Data extracted from a collection -

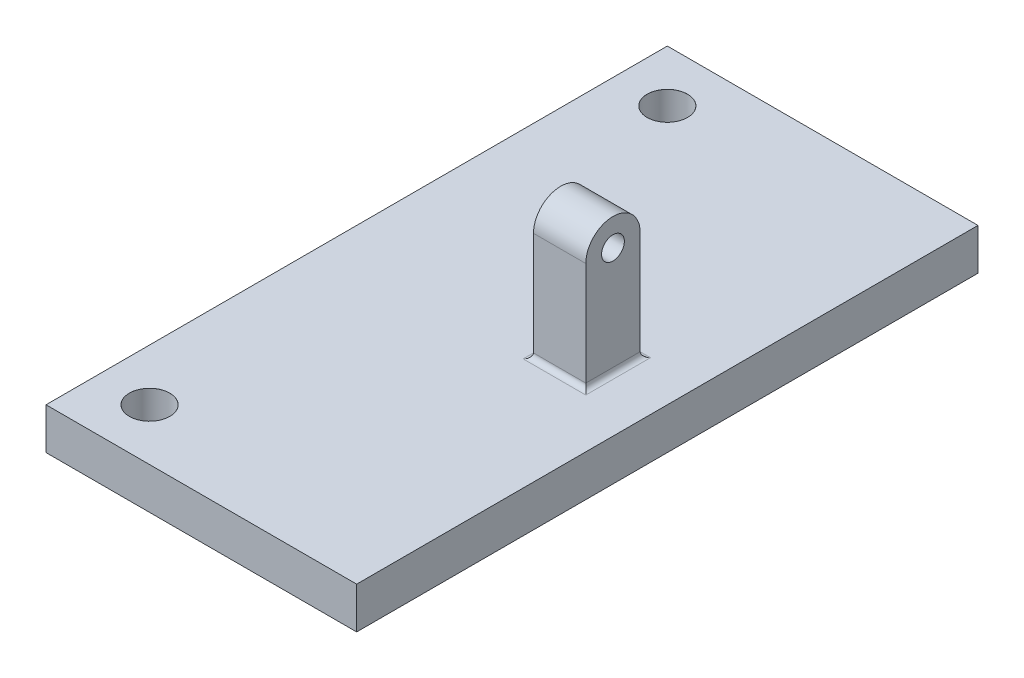
ISO-10303-21;
HEADER;
FILE_DESCRIPTION(('STEP AP214'),'2;1');
FILE_NAME('part.step','',(''),(''),'','','');
FILE_SCHEMA(('AUTOMOTIVE_DESIGN { 1 0 10303 214 1 1 1 1 }'));
ENDSEC;
DATA;
#1=APPLICATION_CONTEXT('core data for automotive mechanical design processes');
#2=APPLICATION_PROTOCOL_DEFINITION('international standard','automotive_design',2000,#1);
#3=PRODUCT_CONTEXT('',#1,'mechanical');
#4=PRODUCT('Part','Part','',(#3));
#5=PRODUCT_RELATED_PRODUCT_CATEGORY('part','',(#4));
#6=PRODUCT_DEFINITION_FORMATION('','',#4);
#7=PRODUCT_DEFINITION_CONTEXT('part definition',#1,'design');
#8=PRODUCT_DEFINITION('design','',#6,#7);
#9=PRODUCT_DEFINITION_SHAPE('','',#8);
#10=(LENGTH_UNIT() NAMED_UNIT(*) SI_UNIT(.MILLI.,.METRE.));
#11=(NAMED_UNIT(*) PLANE_ANGLE_UNIT() SI_UNIT($,.RADIAN.));
#12=(NAMED_UNIT(*) SI_UNIT($,.STERADIAN.) SOLID_ANGLE_UNIT());
#13=UNCERTAINTY_MEASURE_WITH_UNIT(LENGTH_MEASURE(1.E-05),#10,'distance_accuracy_value','');
#14=(GEOMETRIC_REPRESENTATION_CONTEXT(3) GLOBAL_UNCERTAINTY_ASSIGNED_CONTEXT((#13)) GLOBAL_UNIT_ASSIGNED_CONTEXT((#10,
#11,#12)) REPRESENTATION_CONTEXT('',''));
#15=CARTESIAN_POINT('',(0.,0.,0.));
#16=DIRECTION('',(0.,0.,1.));
#17=DIRECTION('',(1.,0.,0.));
#18=AXIS2_PLACEMENT_3D('',#15,#16,#17);
#19=CARTESIAN_POINT('',(50.5,0.,0.));
#20=DIRECTION('',(-1.,0.,0.));
#21=DIRECTION('',(0.,0.,1.));
#22=AXIS2_PLACEMENT_3D('',#19,#20,#21);
#23=CYLINDRICAL_SURFACE('',#22,26.25);
#24=CARTESIAN_POINT('',(0.,0.,0.));
#25=DIRECTION('',(1.,0.,0.));
#26=DIRECTION('',(0.,0.,1.));
#27=AXIS2_PLACEMENT_3D('',#24,#25,#26);
#28=CIRCLE('',#27,26.25);
#29=CARTESIAN_POINT('',(0.,0.,-26.25));
#30=VERTEX_POINT('',#29);
#31=CARTESIAN_POINT('',(0.,0.,26.25));
#32=VERTEX_POINT('',#31);
#33=EDGE_CURVE('E171',#30,#32,#28,.T.);
#34=ORIENTED_EDGE('',*,*,#33,.T.);
#35=DIRECTION('',(-1.,0.,0.));
#36=VECTOR('',#35,1.);
#37=CARTESIAN_POINT('',(50.5,0.,26.25));
#38=LINE('',#37,#36);
#39=CARTESIAN_POINT('',(50.5,0.,26.25));
#40=VERTEX_POINT('',#39);
#41=EDGE_CURVE('E195',#40,#32,#38,.T.);
#42=ORIENTED_EDGE('',*,*,#41,.F.);
#43=CARTESIAN_POINT('',(50.5,0.,0.));
#44=DIRECTION('',(1.,0.,0.));
#45=DIRECTION('',(0.,0.,1.));
#46=AXIS2_PLACEMENT_3D('',#43,#44,#45);
#47=CIRCLE('',#46,26.25);
#48=CARTESIAN_POINT('',(50.5,0.,-26.25));
#49=VERTEX_POINT('',#48);
#50=EDGE_CURVE('E172',#49,#40,#47,.T.);
#51=ORIENTED_EDGE('',*,*,#50,.F.);
#52=DIRECTION('',(-1.,0.,0.));
#53=VECTOR('',#52,1.);
#54=CARTESIAN_POINT('',(50.5,0.,-26.25));
#55=LINE('',#54,#53);
#56=EDGE_CURVE('E183',#49,#30,#55,.T.);
#57=ORIENTED_EDGE('',*,*,#56,.T.);
#58=EDGE_LOOP('',(#34,#42,#51,#57));
#59=FACE_BOUND('',#58,.T.);
#60=ADVANCED_FACE('F45',(#59),#23,.T.);
#61=CARTESIAN_POINT('',(50.5,0.,26.25));
#62=DIRECTION('',(0.,0.,-1.));
#63=DIRECTION('',(-1.,0.,0.));
#64=AXIS2_PLACEMENT_3D('',#61,#62,#63);
#65=PLANE('',#64);
#66=DIRECTION('',(0.,-1.,0.));
#67=VECTOR('',#66,1.);
#68=CARTESIAN_POINT('',(0.,0.,26.25));
#69=LINE('',#68,#67);
#70=CARTESIAN_POINT('',(0.,-100.,26.25));
#71=VERTEX_POINT('',#70);
#72=EDGE_CURVE('E187',#32,#71,#69,.T.);
#73=ORIENTED_EDGE('',*,*,#72,.T.);
#74=DIRECTION('',(-1.,0.,0.));
#75=VECTOR('',#74,1.);
#76=CARTESIAN_POINT('',(50.5,-100.,26.25));
#77=LINE('',#76,#75);
#78=CARTESIAN_POINT('',(50.5,-100.,26.25));
#79=VERTEX_POINT('',#78);
#80=EDGE_CURVE('E11',#71,#79,#77,.F.);
#81=ORIENTED_EDGE('',*,*,#80,.T.);
#82=DIRECTION('',(0.,-1.,0.));
#83=VECTOR('',#82,1.);
#84=CARTESIAN_POINT('',(50.5,0.,26.25));
#85=LINE('',#84,#83);
#86=EDGE_CURVE('E176',#40,#79,#85,.T.);
#87=ORIENTED_EDGE('',*,*,#86,.F.);
#88=ORIENTED_EDGE('',*,*,#41,.T.);
#89=EDGE_LOOP('',(#73,#81,#87,#88));
#90=FACE_BOUND('',#89,.T.);
#91=ADVANCED_FACE('F328',(#90),#65,.F.);
#92=CARTESIAN_POINT('',(50.5,-105.,-26.25));
#93=DIRECTION('',(0.,0.,1.));
#94=DIRECTION('',(1.,0.,0.));
#95=AXIS2_PLACEMENT_3D('',#92,#93,#94);
#96=PLANE('',#95);
#97=DIRECTION('',(0.,1.,0.));
#98=VECTOR('',#97,1.);
#99=CARTESIAN_POINT('',(50.5,-105.,-26.25));
#100=LINE('',#99,#98);
#101=CARTESIAN_POINT('',(50.5,-100.,-26.25));
#102=VERTEX_POINT('',#101);
#103=EDGE_CURVE('E180',#102,#49,#100,.T.);
#104=ORIENTED_EDGE('',*,*,#103,.F.);
#105=DIRECTION('',(-1.,0.,0.));
#106=VECTOR('',#105,1.);
#107=CARTESIAN_POINT('',(0.,-100.,-26.25));
#108=LINE('',#107,#106);
#109=CARTESIAN_POINT('',(0.,-100.,-26.25));
#110=VERTEX_POINT('',#109);
#111=EDGE_CURVE('E199',#102,#110,#108,.T.);
#112=ORIENTED_EDGE('',*,*,#111,.T.);
#113=DIRECTION('',(0.,1.,0.));
#114=VECTOR('',#113,1.);
#115=CARTESIAN_POINT('',(0.,-105.,-26.25));
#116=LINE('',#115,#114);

PROBLEM STATEMENT -
Take the line containing "#103=EDGE_CURVE('E180',#102,#49,#100,.T.);" as the first line and the last line of the data above as the final one. Write out these lines and all between them exactly.

ANSWER BOX -
#103=EDGE_CURVE('E180',#102,#49,#100,.T.);
#104=ORIENTED_EDGE('',*,*,#103,.F.);
#105=DIRECTION('',(-1.,0.,0.));
#106=VECTOR('',#105,1.);
#107=CARTESIAN_POINT('',(0.,-100.,-26.25));
#108=LINE('',#107,#106);
#109=CARTESIAN_POINT('',(0.,-100.,-26.25));
#110=VERTEX_POINT('',#109);
#111=EDGE_CURVE('E199',#102,#110,#108,.T.);
#112=ORIENTED_EDGE('',*,*,#111,.T.);
#113=DIRECTION('',(0.,1.,0.));
#114=VECTOR('',#113,1.);
#115=CARTESIAN_POINT('',(0.,-105.,-26.25));
#116=LINE('',#115,#114);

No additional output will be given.